Fondata nel 1989 da Carlo Petrini a Bra, misconosciuto paesino langarolo, e da lì arrivata in tutto il mondo promuovendo il cibo "buono pulito e giusto", Slow Food sta cercando di rivoluzionare il modo in cui mangiamo, consumiamo e concepiamo il cibo. Il Salone del Gusto, organizzato ogni due anni e giunto alla sua dodicesima edizione, riunisce circa un milione di persone nei cinque giorni di evento. Un milione. Vale la pena farci un salto e capire cos'è, no?

Alessandro Vargiu / Archivio Slowfood

Alessandro Vargiu / Archivio Slowfood

Nel 2012 ho avuto la fortuna di fare uno stage post laurea all'ufficio stampa di Slow Food. Ho vissuto tre mesi a Bra, sede operativa dell'associazione, preparando la comunicazione del Salone, e poi ho passato cinque, meravigliosi giorni a Torino. Il mio quindi è un punto di vista interno e decisamente poco neutrale: è stato un periodo bellissimo della mia vita, che ha cambiato per sempre il mio modo di approcciare il cibo e la mia futura carriera.

7000 persone da oltre 140 paesi

Durante il Salone si ha l'opportunità di incontrate un'umanità varia e bellissima: circa 7000 persone da oltre 140 paesi arrivano qui per condividere le loro storie e raccontare i loro prodotti. Sono contadini, pescatori, pastori, insomma, artigiani del cibo, dalle Ande cilene alle spiagge della Piccola Martinica, dalla campagna messicana al Mar Bianco russo.
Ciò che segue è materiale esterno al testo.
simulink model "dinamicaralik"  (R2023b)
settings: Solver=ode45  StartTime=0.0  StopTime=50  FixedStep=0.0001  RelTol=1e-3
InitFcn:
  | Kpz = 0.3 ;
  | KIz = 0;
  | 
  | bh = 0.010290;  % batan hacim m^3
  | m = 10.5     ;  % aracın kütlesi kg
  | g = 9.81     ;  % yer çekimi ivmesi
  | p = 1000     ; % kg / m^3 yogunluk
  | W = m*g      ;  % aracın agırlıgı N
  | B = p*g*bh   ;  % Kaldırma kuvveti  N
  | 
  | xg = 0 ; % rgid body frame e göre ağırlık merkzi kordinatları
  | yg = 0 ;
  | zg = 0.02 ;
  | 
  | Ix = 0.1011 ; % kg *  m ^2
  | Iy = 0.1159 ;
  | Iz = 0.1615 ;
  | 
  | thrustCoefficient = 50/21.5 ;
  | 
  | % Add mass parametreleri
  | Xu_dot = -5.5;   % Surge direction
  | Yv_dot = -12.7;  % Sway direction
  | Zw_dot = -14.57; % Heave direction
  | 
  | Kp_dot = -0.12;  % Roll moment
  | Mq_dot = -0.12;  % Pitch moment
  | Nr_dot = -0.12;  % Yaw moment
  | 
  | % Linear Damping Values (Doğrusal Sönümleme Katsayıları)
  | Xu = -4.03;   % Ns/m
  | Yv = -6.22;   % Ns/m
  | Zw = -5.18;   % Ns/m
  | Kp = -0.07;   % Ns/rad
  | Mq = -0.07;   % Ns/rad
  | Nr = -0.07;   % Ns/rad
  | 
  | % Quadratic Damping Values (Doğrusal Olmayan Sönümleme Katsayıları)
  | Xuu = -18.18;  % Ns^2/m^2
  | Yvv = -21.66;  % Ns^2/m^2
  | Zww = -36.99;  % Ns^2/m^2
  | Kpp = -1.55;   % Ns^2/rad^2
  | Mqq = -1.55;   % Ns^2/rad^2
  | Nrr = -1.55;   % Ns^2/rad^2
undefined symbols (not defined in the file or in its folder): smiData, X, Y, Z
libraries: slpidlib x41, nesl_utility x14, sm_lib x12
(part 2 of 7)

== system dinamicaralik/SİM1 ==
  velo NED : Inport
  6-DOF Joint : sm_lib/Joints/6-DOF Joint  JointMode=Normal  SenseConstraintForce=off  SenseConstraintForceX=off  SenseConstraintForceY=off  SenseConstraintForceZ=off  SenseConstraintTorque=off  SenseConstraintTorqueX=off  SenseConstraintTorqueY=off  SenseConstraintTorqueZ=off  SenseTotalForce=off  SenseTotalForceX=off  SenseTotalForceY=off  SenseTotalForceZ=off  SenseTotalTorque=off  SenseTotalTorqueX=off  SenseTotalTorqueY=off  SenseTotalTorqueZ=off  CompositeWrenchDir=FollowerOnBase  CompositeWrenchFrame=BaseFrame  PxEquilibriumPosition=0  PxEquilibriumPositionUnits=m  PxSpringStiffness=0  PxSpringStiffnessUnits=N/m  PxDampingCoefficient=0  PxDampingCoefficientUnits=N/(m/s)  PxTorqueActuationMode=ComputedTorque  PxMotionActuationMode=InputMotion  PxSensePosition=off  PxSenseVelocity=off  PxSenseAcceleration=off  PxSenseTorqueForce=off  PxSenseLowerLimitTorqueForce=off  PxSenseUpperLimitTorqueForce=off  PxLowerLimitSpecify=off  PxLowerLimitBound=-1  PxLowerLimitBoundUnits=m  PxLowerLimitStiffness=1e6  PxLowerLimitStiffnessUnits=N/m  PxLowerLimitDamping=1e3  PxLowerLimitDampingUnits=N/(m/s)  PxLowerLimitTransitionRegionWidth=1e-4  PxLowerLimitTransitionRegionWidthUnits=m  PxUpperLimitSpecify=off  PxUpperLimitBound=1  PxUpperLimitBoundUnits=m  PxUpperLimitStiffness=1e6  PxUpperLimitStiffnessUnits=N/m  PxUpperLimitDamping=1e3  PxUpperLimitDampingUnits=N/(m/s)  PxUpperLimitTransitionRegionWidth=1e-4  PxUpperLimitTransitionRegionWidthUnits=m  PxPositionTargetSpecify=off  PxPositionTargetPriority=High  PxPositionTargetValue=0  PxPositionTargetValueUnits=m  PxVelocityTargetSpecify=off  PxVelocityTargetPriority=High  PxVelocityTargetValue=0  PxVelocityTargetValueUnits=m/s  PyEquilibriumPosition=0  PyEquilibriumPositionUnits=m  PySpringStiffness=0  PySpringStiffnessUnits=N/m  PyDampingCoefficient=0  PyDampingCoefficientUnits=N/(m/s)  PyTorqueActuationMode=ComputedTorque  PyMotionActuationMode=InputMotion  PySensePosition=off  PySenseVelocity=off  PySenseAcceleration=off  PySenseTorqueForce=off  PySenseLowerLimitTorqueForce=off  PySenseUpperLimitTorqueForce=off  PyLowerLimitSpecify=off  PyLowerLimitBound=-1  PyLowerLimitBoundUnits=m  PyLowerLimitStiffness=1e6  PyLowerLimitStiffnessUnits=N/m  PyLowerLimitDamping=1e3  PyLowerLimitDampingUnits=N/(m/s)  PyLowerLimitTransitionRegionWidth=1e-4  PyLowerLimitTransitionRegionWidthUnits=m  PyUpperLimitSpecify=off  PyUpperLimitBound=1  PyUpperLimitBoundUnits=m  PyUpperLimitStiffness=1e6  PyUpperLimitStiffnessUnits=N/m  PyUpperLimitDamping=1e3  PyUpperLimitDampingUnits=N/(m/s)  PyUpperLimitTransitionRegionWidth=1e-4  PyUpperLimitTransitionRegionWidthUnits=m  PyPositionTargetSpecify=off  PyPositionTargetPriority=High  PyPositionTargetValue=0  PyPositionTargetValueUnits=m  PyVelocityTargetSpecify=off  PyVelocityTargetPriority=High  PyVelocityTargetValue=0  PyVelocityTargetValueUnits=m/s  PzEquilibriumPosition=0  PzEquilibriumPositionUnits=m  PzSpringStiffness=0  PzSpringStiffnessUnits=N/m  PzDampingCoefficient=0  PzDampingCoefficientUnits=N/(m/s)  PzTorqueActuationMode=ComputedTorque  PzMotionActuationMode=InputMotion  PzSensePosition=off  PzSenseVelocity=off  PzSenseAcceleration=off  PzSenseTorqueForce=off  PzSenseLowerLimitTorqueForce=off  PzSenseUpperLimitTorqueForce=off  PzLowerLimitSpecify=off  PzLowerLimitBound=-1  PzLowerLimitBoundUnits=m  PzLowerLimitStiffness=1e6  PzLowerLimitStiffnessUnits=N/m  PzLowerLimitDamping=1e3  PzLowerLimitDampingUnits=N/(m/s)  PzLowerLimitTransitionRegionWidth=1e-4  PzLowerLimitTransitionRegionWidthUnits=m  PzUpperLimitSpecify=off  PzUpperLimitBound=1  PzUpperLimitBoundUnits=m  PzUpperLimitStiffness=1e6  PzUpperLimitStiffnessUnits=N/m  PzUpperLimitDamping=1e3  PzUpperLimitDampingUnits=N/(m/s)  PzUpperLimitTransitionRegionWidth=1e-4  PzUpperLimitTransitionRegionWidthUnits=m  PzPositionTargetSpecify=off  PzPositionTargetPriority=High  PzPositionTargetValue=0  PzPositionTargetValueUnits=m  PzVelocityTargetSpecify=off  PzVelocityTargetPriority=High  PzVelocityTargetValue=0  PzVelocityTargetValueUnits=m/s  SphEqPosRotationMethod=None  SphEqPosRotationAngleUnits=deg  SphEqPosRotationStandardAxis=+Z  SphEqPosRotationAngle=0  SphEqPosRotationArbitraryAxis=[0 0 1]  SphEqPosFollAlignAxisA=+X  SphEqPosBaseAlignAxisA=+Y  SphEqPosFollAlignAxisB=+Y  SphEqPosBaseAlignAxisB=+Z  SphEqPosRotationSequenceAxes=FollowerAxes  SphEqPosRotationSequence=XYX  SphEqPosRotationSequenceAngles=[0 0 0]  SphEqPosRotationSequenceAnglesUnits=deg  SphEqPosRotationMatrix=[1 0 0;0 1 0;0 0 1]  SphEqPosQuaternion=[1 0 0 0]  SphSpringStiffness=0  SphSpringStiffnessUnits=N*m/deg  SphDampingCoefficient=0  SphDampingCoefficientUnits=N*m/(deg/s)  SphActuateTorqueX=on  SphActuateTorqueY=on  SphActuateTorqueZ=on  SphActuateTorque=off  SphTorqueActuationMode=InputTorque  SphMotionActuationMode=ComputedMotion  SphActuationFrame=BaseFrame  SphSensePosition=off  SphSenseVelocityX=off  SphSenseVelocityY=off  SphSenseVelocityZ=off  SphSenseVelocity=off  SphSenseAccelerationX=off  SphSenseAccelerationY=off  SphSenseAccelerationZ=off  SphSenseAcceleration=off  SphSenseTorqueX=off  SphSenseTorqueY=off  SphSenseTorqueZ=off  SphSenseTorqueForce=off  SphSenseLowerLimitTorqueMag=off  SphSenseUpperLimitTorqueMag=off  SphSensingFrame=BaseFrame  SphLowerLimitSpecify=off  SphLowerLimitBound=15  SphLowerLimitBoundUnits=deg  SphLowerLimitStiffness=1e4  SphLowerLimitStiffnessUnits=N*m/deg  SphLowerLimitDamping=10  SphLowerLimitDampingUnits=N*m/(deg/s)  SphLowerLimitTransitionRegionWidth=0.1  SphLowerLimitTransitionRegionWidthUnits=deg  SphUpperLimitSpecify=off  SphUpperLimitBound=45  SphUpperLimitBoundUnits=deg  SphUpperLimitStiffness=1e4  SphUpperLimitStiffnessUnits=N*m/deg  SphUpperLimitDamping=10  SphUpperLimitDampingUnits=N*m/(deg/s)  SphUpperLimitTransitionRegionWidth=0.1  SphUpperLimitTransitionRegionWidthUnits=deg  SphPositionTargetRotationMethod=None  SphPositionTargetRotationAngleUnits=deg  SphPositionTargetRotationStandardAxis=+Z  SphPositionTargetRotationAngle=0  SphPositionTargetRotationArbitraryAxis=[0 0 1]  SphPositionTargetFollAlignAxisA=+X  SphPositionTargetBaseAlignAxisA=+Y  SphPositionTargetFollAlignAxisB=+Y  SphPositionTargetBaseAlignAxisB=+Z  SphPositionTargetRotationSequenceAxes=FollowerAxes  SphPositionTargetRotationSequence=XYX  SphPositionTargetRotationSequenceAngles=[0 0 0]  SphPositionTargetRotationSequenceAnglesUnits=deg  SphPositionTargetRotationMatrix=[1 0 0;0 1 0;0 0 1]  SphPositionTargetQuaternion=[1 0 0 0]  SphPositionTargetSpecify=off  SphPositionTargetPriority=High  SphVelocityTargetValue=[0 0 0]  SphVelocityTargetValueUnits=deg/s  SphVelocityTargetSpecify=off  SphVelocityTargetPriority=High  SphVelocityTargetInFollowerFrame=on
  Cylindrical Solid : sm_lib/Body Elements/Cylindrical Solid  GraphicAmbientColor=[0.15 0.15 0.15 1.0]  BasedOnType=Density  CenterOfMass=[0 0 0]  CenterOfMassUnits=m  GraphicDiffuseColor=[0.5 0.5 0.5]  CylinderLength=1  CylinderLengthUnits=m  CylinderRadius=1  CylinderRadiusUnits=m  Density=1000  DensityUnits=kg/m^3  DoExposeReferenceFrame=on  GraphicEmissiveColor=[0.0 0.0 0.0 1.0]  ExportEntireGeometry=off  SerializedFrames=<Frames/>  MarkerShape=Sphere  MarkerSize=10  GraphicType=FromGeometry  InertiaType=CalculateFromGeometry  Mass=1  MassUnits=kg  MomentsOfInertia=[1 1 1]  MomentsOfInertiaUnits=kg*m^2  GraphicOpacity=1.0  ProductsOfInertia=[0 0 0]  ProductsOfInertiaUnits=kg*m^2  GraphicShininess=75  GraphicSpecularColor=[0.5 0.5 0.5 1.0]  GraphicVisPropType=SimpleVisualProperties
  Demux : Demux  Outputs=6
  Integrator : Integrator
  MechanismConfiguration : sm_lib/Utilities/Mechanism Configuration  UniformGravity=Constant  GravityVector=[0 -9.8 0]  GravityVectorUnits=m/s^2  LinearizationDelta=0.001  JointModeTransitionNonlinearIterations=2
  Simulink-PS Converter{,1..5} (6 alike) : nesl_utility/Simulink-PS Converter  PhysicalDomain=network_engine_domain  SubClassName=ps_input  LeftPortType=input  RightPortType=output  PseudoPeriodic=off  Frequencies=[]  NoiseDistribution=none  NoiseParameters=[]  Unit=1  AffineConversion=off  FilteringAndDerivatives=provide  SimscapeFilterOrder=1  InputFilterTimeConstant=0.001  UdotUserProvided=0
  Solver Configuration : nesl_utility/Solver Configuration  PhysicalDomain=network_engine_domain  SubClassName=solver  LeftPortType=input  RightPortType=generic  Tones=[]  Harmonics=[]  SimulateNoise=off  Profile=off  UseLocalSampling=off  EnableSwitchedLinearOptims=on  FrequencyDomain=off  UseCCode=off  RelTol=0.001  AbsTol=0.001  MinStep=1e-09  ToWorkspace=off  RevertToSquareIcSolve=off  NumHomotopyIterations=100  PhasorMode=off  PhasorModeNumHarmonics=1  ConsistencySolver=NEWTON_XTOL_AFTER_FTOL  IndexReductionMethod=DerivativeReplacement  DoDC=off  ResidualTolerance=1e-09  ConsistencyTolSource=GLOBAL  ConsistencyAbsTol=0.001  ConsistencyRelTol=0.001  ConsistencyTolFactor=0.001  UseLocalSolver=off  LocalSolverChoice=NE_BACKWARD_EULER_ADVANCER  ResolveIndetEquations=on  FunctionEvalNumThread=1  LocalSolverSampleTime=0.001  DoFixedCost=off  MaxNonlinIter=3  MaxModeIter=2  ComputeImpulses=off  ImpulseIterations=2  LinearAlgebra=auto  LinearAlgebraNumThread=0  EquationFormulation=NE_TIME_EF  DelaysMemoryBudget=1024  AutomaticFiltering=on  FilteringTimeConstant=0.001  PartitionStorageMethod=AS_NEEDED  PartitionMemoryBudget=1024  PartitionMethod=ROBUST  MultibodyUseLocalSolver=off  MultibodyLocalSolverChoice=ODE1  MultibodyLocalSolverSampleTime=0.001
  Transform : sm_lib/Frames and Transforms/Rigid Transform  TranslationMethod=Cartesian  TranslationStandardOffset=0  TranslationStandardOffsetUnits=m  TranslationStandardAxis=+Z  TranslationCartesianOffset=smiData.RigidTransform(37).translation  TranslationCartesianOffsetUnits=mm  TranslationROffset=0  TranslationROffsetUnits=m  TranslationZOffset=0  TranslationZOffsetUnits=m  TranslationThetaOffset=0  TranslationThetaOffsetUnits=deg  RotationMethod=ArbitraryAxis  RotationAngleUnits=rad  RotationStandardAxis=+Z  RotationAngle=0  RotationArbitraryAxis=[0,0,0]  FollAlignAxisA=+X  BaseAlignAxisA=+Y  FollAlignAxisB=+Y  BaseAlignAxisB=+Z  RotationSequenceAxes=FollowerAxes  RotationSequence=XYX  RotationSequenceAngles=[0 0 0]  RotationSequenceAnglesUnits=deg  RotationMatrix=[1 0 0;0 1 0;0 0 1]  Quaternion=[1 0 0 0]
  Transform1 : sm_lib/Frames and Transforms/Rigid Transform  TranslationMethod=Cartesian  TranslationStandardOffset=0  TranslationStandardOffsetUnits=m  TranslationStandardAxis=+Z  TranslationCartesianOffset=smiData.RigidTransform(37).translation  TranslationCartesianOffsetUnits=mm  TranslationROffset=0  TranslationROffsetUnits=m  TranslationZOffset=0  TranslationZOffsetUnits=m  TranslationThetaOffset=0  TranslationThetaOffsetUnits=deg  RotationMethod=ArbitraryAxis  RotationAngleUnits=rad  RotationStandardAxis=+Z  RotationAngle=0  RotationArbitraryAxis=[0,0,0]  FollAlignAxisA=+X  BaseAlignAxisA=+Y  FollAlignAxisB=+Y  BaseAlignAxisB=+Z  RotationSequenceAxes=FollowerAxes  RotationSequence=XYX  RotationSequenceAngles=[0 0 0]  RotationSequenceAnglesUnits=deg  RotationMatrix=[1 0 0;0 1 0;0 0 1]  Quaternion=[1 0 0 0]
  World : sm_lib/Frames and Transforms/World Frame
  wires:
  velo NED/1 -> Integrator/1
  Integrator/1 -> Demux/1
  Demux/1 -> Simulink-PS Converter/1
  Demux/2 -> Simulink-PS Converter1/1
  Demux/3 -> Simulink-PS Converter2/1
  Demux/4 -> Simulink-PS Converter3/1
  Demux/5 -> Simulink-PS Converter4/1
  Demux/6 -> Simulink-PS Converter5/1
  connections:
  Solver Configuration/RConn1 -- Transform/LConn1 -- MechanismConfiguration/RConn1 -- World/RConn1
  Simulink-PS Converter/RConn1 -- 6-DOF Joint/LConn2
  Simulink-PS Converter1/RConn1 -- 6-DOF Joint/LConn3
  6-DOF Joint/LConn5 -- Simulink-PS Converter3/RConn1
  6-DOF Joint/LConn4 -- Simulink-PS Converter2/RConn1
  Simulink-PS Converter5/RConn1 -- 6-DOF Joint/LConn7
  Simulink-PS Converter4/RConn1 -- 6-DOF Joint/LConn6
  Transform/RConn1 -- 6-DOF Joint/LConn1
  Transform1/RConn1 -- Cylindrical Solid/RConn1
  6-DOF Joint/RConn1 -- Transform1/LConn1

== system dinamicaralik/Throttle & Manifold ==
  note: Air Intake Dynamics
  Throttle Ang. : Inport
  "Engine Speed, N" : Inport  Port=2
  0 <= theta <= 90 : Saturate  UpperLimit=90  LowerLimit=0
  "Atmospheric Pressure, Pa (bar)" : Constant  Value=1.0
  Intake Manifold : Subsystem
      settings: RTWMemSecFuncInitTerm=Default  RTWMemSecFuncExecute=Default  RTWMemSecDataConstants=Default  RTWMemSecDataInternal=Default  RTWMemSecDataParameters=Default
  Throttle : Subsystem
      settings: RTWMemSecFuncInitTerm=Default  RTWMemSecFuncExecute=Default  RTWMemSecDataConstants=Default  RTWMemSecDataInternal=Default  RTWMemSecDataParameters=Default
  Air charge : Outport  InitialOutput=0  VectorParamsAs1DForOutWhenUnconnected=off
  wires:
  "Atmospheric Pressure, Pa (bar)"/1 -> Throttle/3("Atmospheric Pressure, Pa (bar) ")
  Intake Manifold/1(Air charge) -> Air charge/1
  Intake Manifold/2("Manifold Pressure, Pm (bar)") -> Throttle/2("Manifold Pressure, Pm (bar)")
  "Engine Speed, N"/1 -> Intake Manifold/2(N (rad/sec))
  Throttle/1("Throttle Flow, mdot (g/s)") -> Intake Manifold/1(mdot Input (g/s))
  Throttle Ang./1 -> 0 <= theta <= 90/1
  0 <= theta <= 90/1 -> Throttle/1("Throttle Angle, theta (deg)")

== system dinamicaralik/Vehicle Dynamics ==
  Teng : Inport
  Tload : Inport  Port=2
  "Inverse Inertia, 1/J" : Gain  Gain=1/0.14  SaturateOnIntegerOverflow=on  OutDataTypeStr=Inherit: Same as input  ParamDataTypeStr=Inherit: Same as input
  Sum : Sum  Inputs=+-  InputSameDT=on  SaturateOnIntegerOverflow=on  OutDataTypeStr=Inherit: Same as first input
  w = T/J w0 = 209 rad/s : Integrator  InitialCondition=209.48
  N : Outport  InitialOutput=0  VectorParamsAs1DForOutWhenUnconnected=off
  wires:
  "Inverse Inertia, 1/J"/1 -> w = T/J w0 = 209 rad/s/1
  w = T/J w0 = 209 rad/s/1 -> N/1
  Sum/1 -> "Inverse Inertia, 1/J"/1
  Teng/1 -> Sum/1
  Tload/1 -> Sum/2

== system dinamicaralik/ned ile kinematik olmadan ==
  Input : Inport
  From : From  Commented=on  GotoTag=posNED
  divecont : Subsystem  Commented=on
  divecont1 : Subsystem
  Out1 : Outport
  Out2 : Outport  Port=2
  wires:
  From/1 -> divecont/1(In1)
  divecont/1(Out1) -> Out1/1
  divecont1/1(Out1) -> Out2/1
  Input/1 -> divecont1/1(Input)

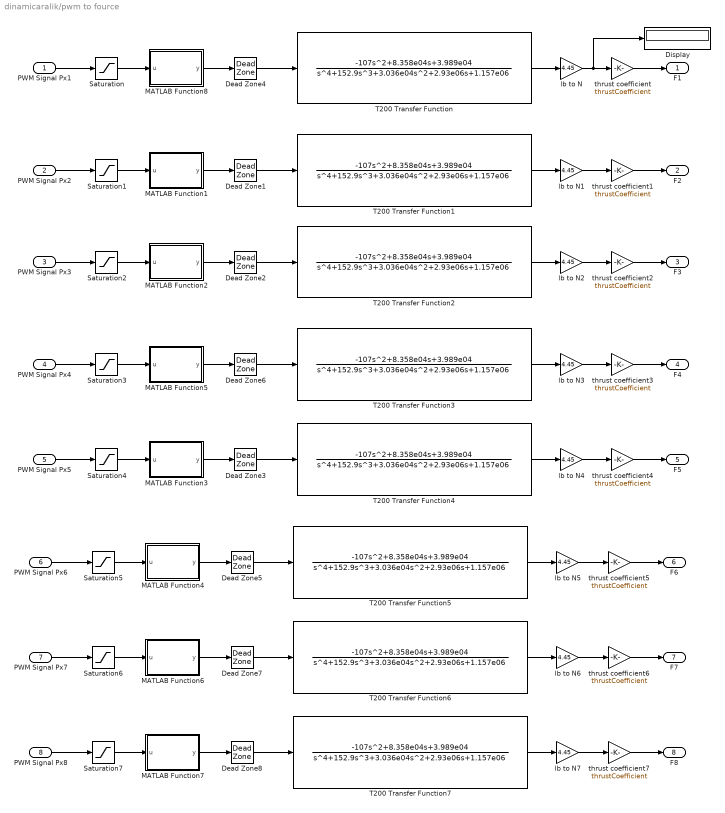
== system dinamicaralik/pwm to fource ==
  PWM Signal Px1 : Inport
  PWM Signal Px2 : Inport  Port=2
  PWM Signal Px3 : Inport  Port=3
  PWM Signal Px4 : Inport  Port=4
  PWM Signal Px5 : Inport  Port=5
  PWM Signal Px6 : Inport  Port=6
  PWM Signal Px7 : Inport  Port=7
  PWM Signal Px8 : Inport  Port=8
  Dead Zone{1..8} (8 alike) : DeadZone  LowerValue=-10  UpperValue=+10
  Display : Display
  MATLAB Function1 : MATLAB Function  TreatAsAtomicUnit=on
  MATLAB Function2 : MATLAB Function  TreatAsAtomicUnit=on
  MATLAB Function3 : MATLAB Function  TreatAsAtomicUnit=on
  MATLAB Function4 : MATLAB Function  TreatAsAtomicUnit=on
  MATLAB Function5 : MATLAB Function  TreatAsAtomicUnit=on
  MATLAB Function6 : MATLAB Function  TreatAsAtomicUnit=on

Ci sono tutti i rappresentanti della comunità di Terra Madre, persone che magari hanno pochissimo in comune, non parlano la stessa lingua e non sono mai uscite dal loro paese, ma hanno lo stesso obbiettivo: salvaguardare la biodiversità, ricercare un'indipendenza economica e in molti casi - come le tante comunità di donne o di indigeni marginalizzati - un riscatto sociale, mantenere tradizioni millenarie.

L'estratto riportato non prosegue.